Tuesday, March 11, 2008

Good Money After Bad



Ben Bernanke seemed to violate the first rule of bad-example debtors when the Federal Reserve announced March 11 it would create a $200 billion fund for the banks and securities institutions who found themselves in liquidity crises for doing very stupid things with other people's money. But before I worked up my sense of moral outrage, I wondered if maybe there were bad credit-card purchases for which I could seek forgiveness by taking out a small loan from the Fed. Oh sure, dumb music and over-hyped vacations, but nothing compared to a Countrywide Financial Corp. ski trip to Colorado.

But wait a minute, there are certainly formerly squeaky-clean state governors who could use some help! And Eliot Spitzer already has a working relationship with Bernanke for all the corporate crime he's fought! C'mon, Ben, don't trips to the Emperor's Club deserve some liquidity forgiveness? Eliot sure looks like he could use a break.

2 comments:

Greeley's Ghost said...

Long overdue for a comment, and I just finished this post and your EE Times post calling out Krugman's column.
Yes, Krugman IS a whiny liberal (I call him AngerMan) but damned if he doesn't have a point for once.
I will take issue with his poo-pooing of the $200 million safety net: Yes, there are $11 trillion in mortgages outstanding in the U.S., but I have to believe that a fraction of those are held by people who never should have gotten a mortgage in the first place. Most Americans, I would argue, have jobs and pay their mortgages on time.
Now if the whole thing melts down, we're all in trouble. And maybe that's what he's alluding to. But I'm not a big fan of government bailing out banks with shitty lending practices.
No one, clearly, knows the extent of this problem. No one in government is leading the charge or trying to reassure people (think Roosevelt's soothing voice versus Bush's un-reassuring drawl).
Were FDR alive right now, he'd dust off the "fear itself" speech because we're experiencing something that used to call, in teh 19th century, a Financial Panic.

Brian Santo said...

The Spitzer incident is instructive. The sub-prime crisis could be solved by having mortgage holders who are in default post their songs on their Facebook pages and pose nude for Hustler or Playboy, a la "Kristen." The money that rolls in should cover all costs.

Krugman may be whiny and angry, but at least he bases his whiny assertions on actual research. We all know the range of value of "research," but research is still more reliable than the average idiot's gut, and we have an exceptional idiot's gut running the country at the moment.

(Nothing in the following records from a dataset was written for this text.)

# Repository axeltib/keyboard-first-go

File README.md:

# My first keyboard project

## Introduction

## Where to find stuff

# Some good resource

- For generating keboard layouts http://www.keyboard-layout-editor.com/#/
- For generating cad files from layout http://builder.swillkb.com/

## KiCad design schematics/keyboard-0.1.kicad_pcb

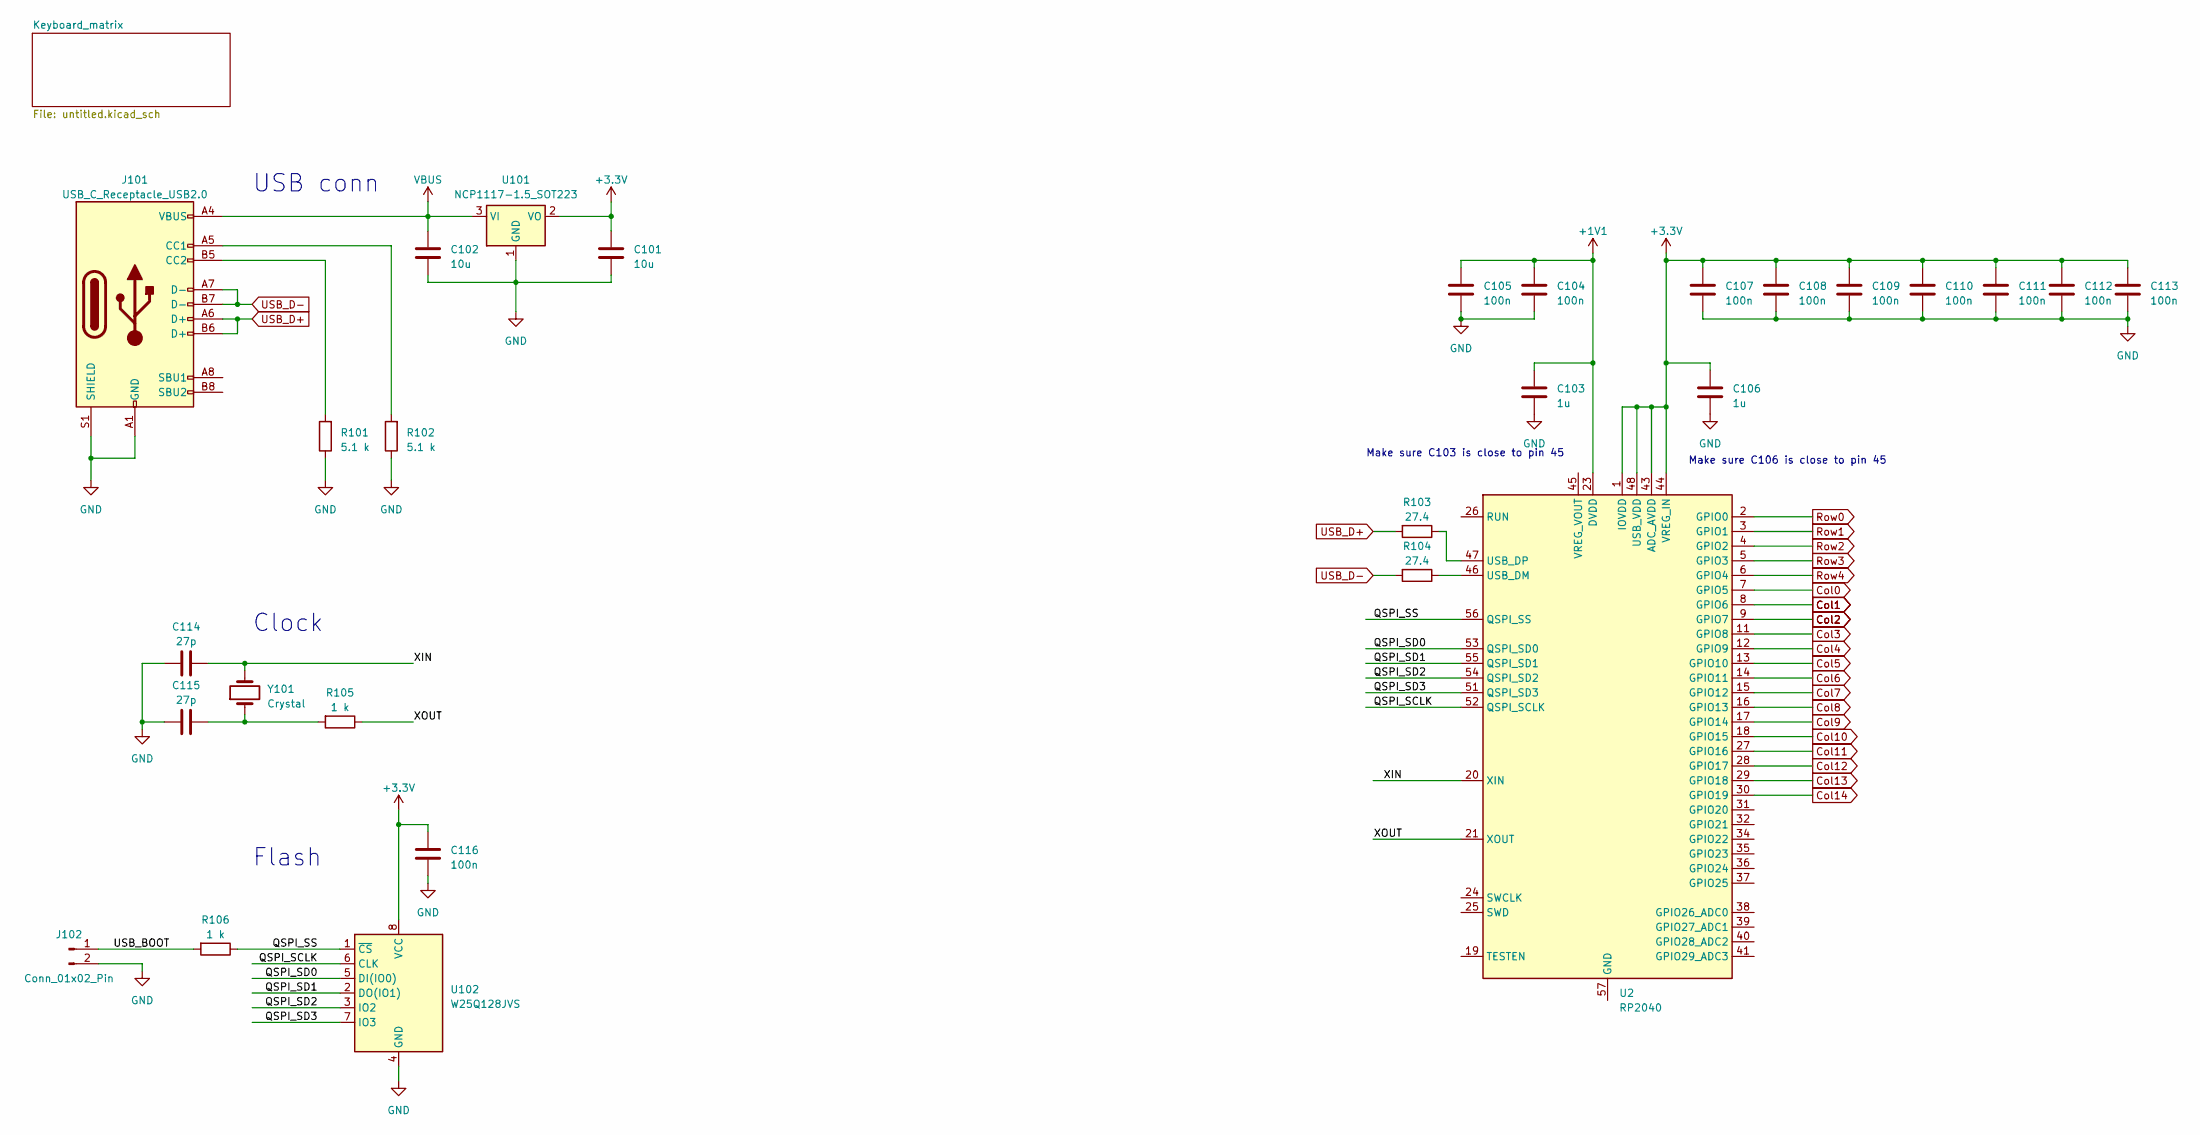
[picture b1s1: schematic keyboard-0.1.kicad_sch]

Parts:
C101, C102: 10u; C_0201_0603Metric
C103, C106: 1u; C_0201_0603Metric
C104, C105, C107, C108, C109, C110, C111, C112, C113, C116: 100n; C_0201_0603Metric
C114, C115: 27p; C_0201_0603Metric
J101: USB_C_Receptacle_USB2.0; USB_C_Receptacle_Amphenol_12401548E4-2A
J102: Conn_01x02_Pin; R_0805_2012Metric_Pad1.20x1.40mm_HandSolder
R101, R102: 5.1 k; R_0201_0603Metric
R103, R104: 27.4; R_0201_0603Metric
R105, R106: 1 k; R_0201_0603Metric
U2: RP2040; QFN-56-1EP_7x7mm_P0.4mm_EP3.2x3.2mm
U101: NCP1117-1.5_SOT223; SOT-223-3_TabPin2
U102: W25Q128JVS; SOIC-8_5.23x5.23mm_P1.27mm
Y101: Crystal; Crystal_SMD_0603-2Pin_6.0x3.5mm

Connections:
+1V1: C103.1, C104.1, C105.1, U2.23 (DVDD), U2.50 (DVDD)
+3.3V: C101.1, C106.1, C107.1, C108.1, C109.1, C110.1, C111.1, C112.1, C113.1, C116.1, U2.1 (IOVDD), U2.10 (IOVDD), U2.22 (IOVDD), U2.33 (IOVDD), U2.42 (IOVDD), U2.43 (ADC_AVDD), U2.44 (VREG_IN), U2.48 (USB_VDD), U2.49 (IOVDD), U101.2 (VO), U102.8 (VCC)
/QSPI_SCLK: U2.52 (QSPI_SCLK), U102.6 (CLK)
/QSPI_SD0: U2.53 (QSPI_SD0), U102.5 (DI(IO0))
/QSPI_SD1: U2.55 (QSPI_SD1), U102.2 (DO(IO1))
/QSPI_SD2: U2.54 (QSPI_SD2), U102.3 (IO2)
/QSPI_SD3: U2.51 (QSPI_SD3), U102.7 (IO3)
/QSPI_SS: R106.1, U2.56 (QSPI_SS), U102.1 (~CS)
/USB_BOOT: J102.1, R106.2
/XIN: C114.2, U2.20 (XIN), Y101.2
/XOUT: R105.1, U2.21 (XOUT)
Col0: U2.7 (GPIO5); also elsewhere on the board
Col1: U2.8 (GPIO6); also elsewhere on the board
Col2: U2.9 (GPIO7); also elsewhere on the board
Col3: U2.11 (GPIO8); also elsewhere on the board
Col4: U2.12 (GPIO9); also elsewhere on the board
Col5: U2.13 (GPIO10); also elsewhere on the board
Col6: U2.14 (GPIO11); also elsewhere on the board
Col7: U2.15 (GPIO12); also elsewhere on the board
Col8: U2.16 (GPIO13); also elsewhere on the board
Col9: U2.17 (GPIO14); also elsewhere on the board
Col10: U2.18 (GPIO15); also elsewhere on the board
Col11: U2.27 (GPIO16); also elsewhere on the board
Col12: U2.28 (GPIO17); also elsewhere on the board
Col13: U2.29 (GPIO18); also elsewhere on the board
Col14: U2.30 (GPIO19)
GND: C101.2, C102.2, C103.2, C104.2, C105.2, C106.2, C107.2, C108.2, C109.2, C110.2, C111.2, C112.2, C113.2, C114.1, C115.1, C116.2, J101.A1 (GND), J101.A12 (GND), J101.B1 (GND), J101.B12 (GND), J101.S1 (SHIELD), J102.2, R101.1, R102.1, U101.1 (GND), U102.4 (GND)
unnamed: C115.2, R105.2, Y101.1
unnamed: J101.A5 (CC1), R102.2
unnamed: J101.B5 (CC2), R101.2
unnamed: R104.1, U2.46 (USB_DM)
unnamed: R103.1, U2.47 (USB_DP)
Row0: U2.2 (GPIO0); also elsewhere on the board
Row1: U2.3 (GPIO1); also elsewhere on the board
Row2: U2.4 (GPIO2); also elsewhere on the board
Row3: U2.5 (GPIO3); also elsewhere on the board
Row4: U2.6 (GPIO4); also elsewhere on the board
USB_D+: J101.A6 (D+), J101.B6 (D+), R103.2
USB_D-: J101.A7 (D-), J101.B7 (D-), R104.2
VBUS: C102.1, J101.A4 (VBUS), J101.A9 (VBUS), J101.B4 (VBUS), J101.B9 (VBUS), U101.3 (VI)

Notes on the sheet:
USB conn
Clock
Make sure C106 is close to pin 45
Flash
Make sure C103 is close to pin 45

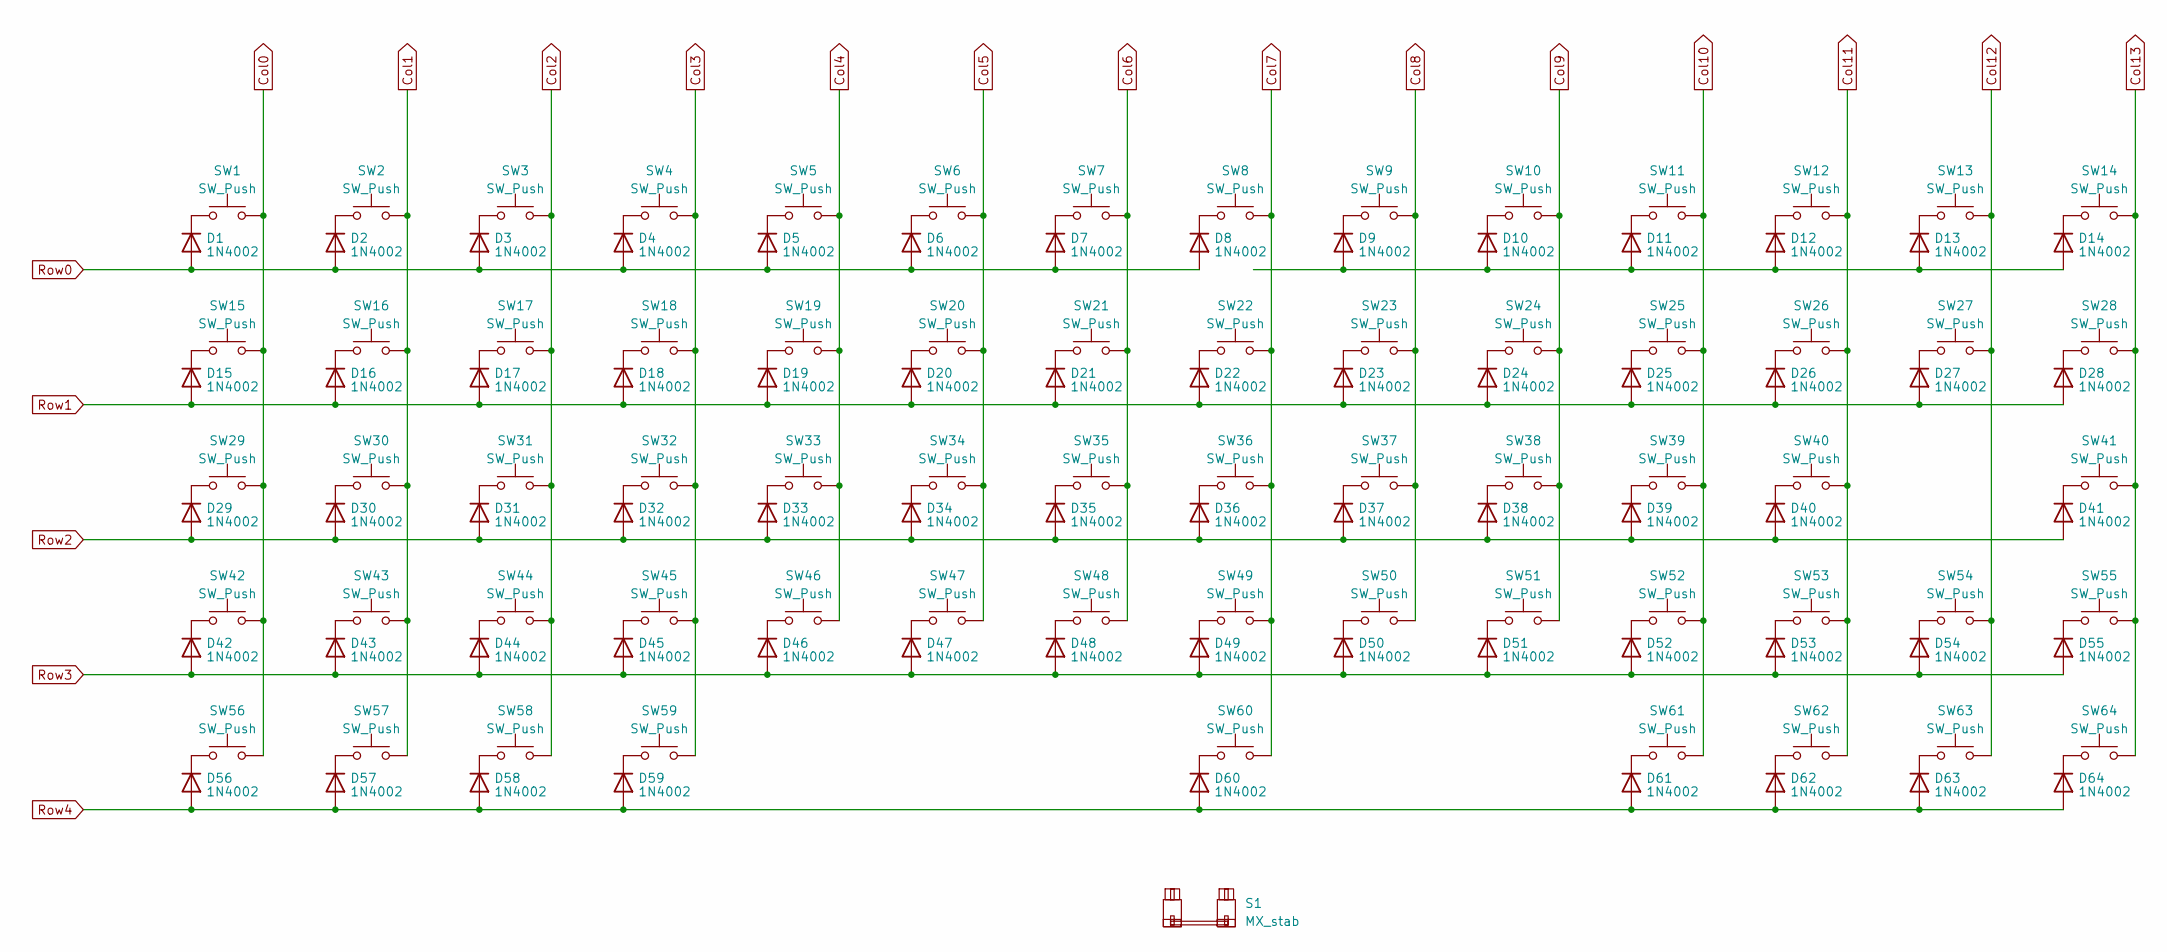
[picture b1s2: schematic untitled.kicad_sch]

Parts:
D1, D2, D3, D4, D5, D6, D7, D8, D9, D10, D11, D12, D13, D14, D15, D16, D17, D18, D19, D20, D21, D22, D23, D24, D25, D26, D27, D28, D29, D30, D31, D32, D33, D34, D35, D36, D37, D38, D39, D40, D41, D42, D43, D44, D45, D46, D47, D48, D49, D50, D51, D52, D53, D54, D55, D56, D57, D58, D59, D60, D61, D62, D63, D64: 1N4002; D_SOD-123
S1: MX_stab; STAB_MX_P_6u
SW1, SW2, SW3, SW4, SW5, SW6, SW7, SW8, SW9, SW10, SW11, SW12, SW13, SW16, SW17, SW18, SW19, SW20, SW21, SW22, SW23, SW24, SW25, SW26, SW27, SW28, SW30, SW31, SW32, SW33, SW34, SW35, SW36, SW37, SW38, SW39, SW40, SW43, SW44, SW45, SW46, SW47, SW48, SW49, SW50, SW51, SW52, SW53, SW54, SW55, SW57, SW58, SW59, SW60, SW62, SW63, SW64: SW_Push; SW_MX_1u
SW14, SW15, SW42: SW_Push; SW_MX_1.5u
SW29, SW41: SW_Push; SW_MX_1.75u
SW56, SW61: SW_Push; SW_MX_1.25u

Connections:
Col0: SW1.2, SW15.2, SW29.2, SW42.2, SW56.2; also elsewhere on the board
Col1: SW2.2, SW16.2, SW30.2, SW43.2, SW57.2; also elsewhere on the board
Col2: SW3.2, SW17.2, SW31.2, SW44.2, SW58.2; also elsewhere on the board
Col3: SW4.2, SW18.2, SW32.2, SW45.2, SW59.2; also elsewhere on the board
Col4: SW5.2, SW19.2, SW33.2, SW46.2; also elsewhere on the board
Col5: SW6.2, SW20.2, SW34.2, SW47.2; also elsewhere on the board
Col6: SW7.2, SW21.2, SW35.2, SW48.2; also elsewhere on the board
Col7: SW8.2, SW22.2, SW36.2, SW49.2, SW60.2; also elsewhere on the board
Col8: SW9.2, SW23.2, SW37.2, SW50.2; also elsewhere on the board
Col9: SW10.2, SW24.2, SW38.2, SW51.2; also elsewhere on the board
Col10: SW11.2, SW25.2, SW39.2, SW52.2, SW61.2; also elsewhere on the board
Col11: SW12.2, SW26.2, SW40.2, SW53.2, SW62.2; also elsewhere on the board
Col12: SW13.2, SW27.2, SW54.2, SW63.2; also elsewhere on the board
Col13: SW14.2, SW28.2, SW41.2, SW55.2, SW64.2; also elsewhere on the board
unnamed: D1.1 (K), SW1.1
unnamed: D2.1 (K), SW2.1
unnamed: D3.1 (K), SW3.1
unnamed: D4.1 (K), SW4.1
unnamed: D5.1 (K), SW5.1
unnamed: D6.1 (K), SW6.1
unnamed: D7.1 (K), SW7.1
unnamed: D8.1 (K), SW8.1
unnamed: D9.1 (K), SW9.1
unnamed: D9.2 (A), D10.2 (A), D11.2 (A), D12.2 (A), D13.2 (A), D14.2 (A)
unnamed: D10.1 (K), SW10.1
unnamed: D11.1 (K), SW11.1
unnamed: D12.1 (K), SW12.1
unnamed: D13.1 (K), SW13.1
unnamed: D14.1 (K), SW14.1
unnamed: D15.1 (K), SW15.1
unnamed: D16.1 (K), SW16.1
unnamed: D17.1 (K), SW17.1
unnamed: D18.1 (K), SW18.1
unnamed: D19.1 (K), SW19.1
unnamed: D20.1 (K), SW20.1
unnamed: D21.1 (K), SW21.1
unnamed: D22.1 (K), SW22.1
unnamed: D23.1 (K), SW23.1
unnamed: D24.1 (K), SW24.1
unnamed: D25.1 (K), SW25.1
unnamed: D26.1 (K), SW26.1
unnamed: D27.1 (K), SW27.1
unnamed: D28.1 (K), SW28.1
unnamed: D29.1 (K), SW29.1
unnamed: D30.1 (K), SW30.1
unnamed: D31.1 (K), SW31.1
unnamed: D32.1 (K), SW32.1
unnamed: D33.1 (K), SW33.1
unnamed: D34.1 (K), SW34.1
unnamed: D35.1 (K), SW35.1
unnamed: D36.1 (K), SW36.1
unnamed: D37.1 (K), SW37.1
unnamed: D38.1 (K), SW38.1
unnamed: D39.1 (K), SW39.1
unnamed 68: D40.1 (K), SW40.1; also elsewhere on the board
unnamed: D41.1 (K), SW41.1
unnamed: D42.1 (K), SW42.1
unnamed: D43.1 (K), SW43.1
unnamed: D44.1 (K), SW44.1
unnamed: D45.1 (K), SW45.1
unnamed: D46.1 (K), SW46.1
unnamed: D47.1 (K), SW47.1
unnamed: D48.1 (K), SW48.1
unnamed: D49.1 (K), SW49.1
unnamed: D50.1 (K), SW50.1
unnamed: D51.1 (K), SW51.1
unnamed: D52.1 (K), SW52.1
unnamed: D53.1 (K), SW53.1
unnamed: D54.1 (K), SW54.1
unnamed: D55.1 (K), SW55.1
unnamed: D56.1 (K), SW56.1
unnamed: D57.1 (K), SW57.1
unnamed: D58.1 (K), SW58.1
unnamed: D59.1 (K), SW59.1
unnamed: D60.1 (K), SW60.1
unnamed: D61.1 (K), SW61.1
unnamed: D62.1 (K), SW62.1
unnamed: D63.1 (K), SW63.1
unnamed: D64.1 (K), SW64.1
Row0: D1.2 (A), D2.2 (A), D3.2 (A), D4.2 (A), D5.2 (A), D6.2 (A), D7.2 (A), D8.2 (A); also elsewhere on the board
Row1: D15.2 (A), D16.2 (A), D17.2 (A), D18.2 (A), D19.2 (A), D20.2 (A), D21.2 (A), D22.2 (A), D23.2 (A), D24.2 (A), D25.2 (A), D26.2 (A), D27.2 (A), D28.2 (A); also elsewhere on the board
Row2: D29.2 (A), D30.2 (A), D31.2 (A), D32.2 (A), D33.2 (A), D34.2 (A), D35.2 (A), D36.2 (A), D37.2 (A), D38.2 (A), D39.2 (A), D40.2 (A), D41.2 (A); also elsewhere on the board
Row3: D42.2 (A), D43.2 (A), D44.2 (A), D45.2 (A), D46.2 (A), D47.2 (A), D48.2 (A), D49.2 (A), D50.2 (A), D51.2 (A), D52.2 (A), D53.2 (A), D54.2 (A), D55.2 (A); also elsewhere on the board
Row4: D56.2 (A), D57.2 (A), D58.2 (A), D59.2 (A), D60.2 (A), D61.2 (A), D62.2 (A), D63.2 (A), D64.2 (A); also elsewhere on the board

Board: 2 copper layers, 158 parts (0 on the bottom side), 104 nets, no tracks yet.

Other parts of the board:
D40#2: 1N4002; D_0201_0603Metric

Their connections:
unnamed 68: D40#2.1 (K); also elsewhere on the board
Row2: D40#2.2 (A); also elsewhere on the board

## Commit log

2023-07-08 (chore) move files
2023-07-08 (feat) add power flash usb and clock to sch
2023-07-09 (feat) first layout

Those malicious bastards on Wall Street deserve whatever devastation they've visited upon themselves, but for the likelihood they will take the rest of us down with them. Their perfidy is exacerbated by their knowledge that they can get away with so much, because the rest of us can't afford to let them fail as spectacularly as they inevitably do every other generation or so.

Which, oddly, brings us back to Spitzer. He may have been a disaster as a governor, but he's the only person I can think of in my lifetime who attacked the Wall Street hordes.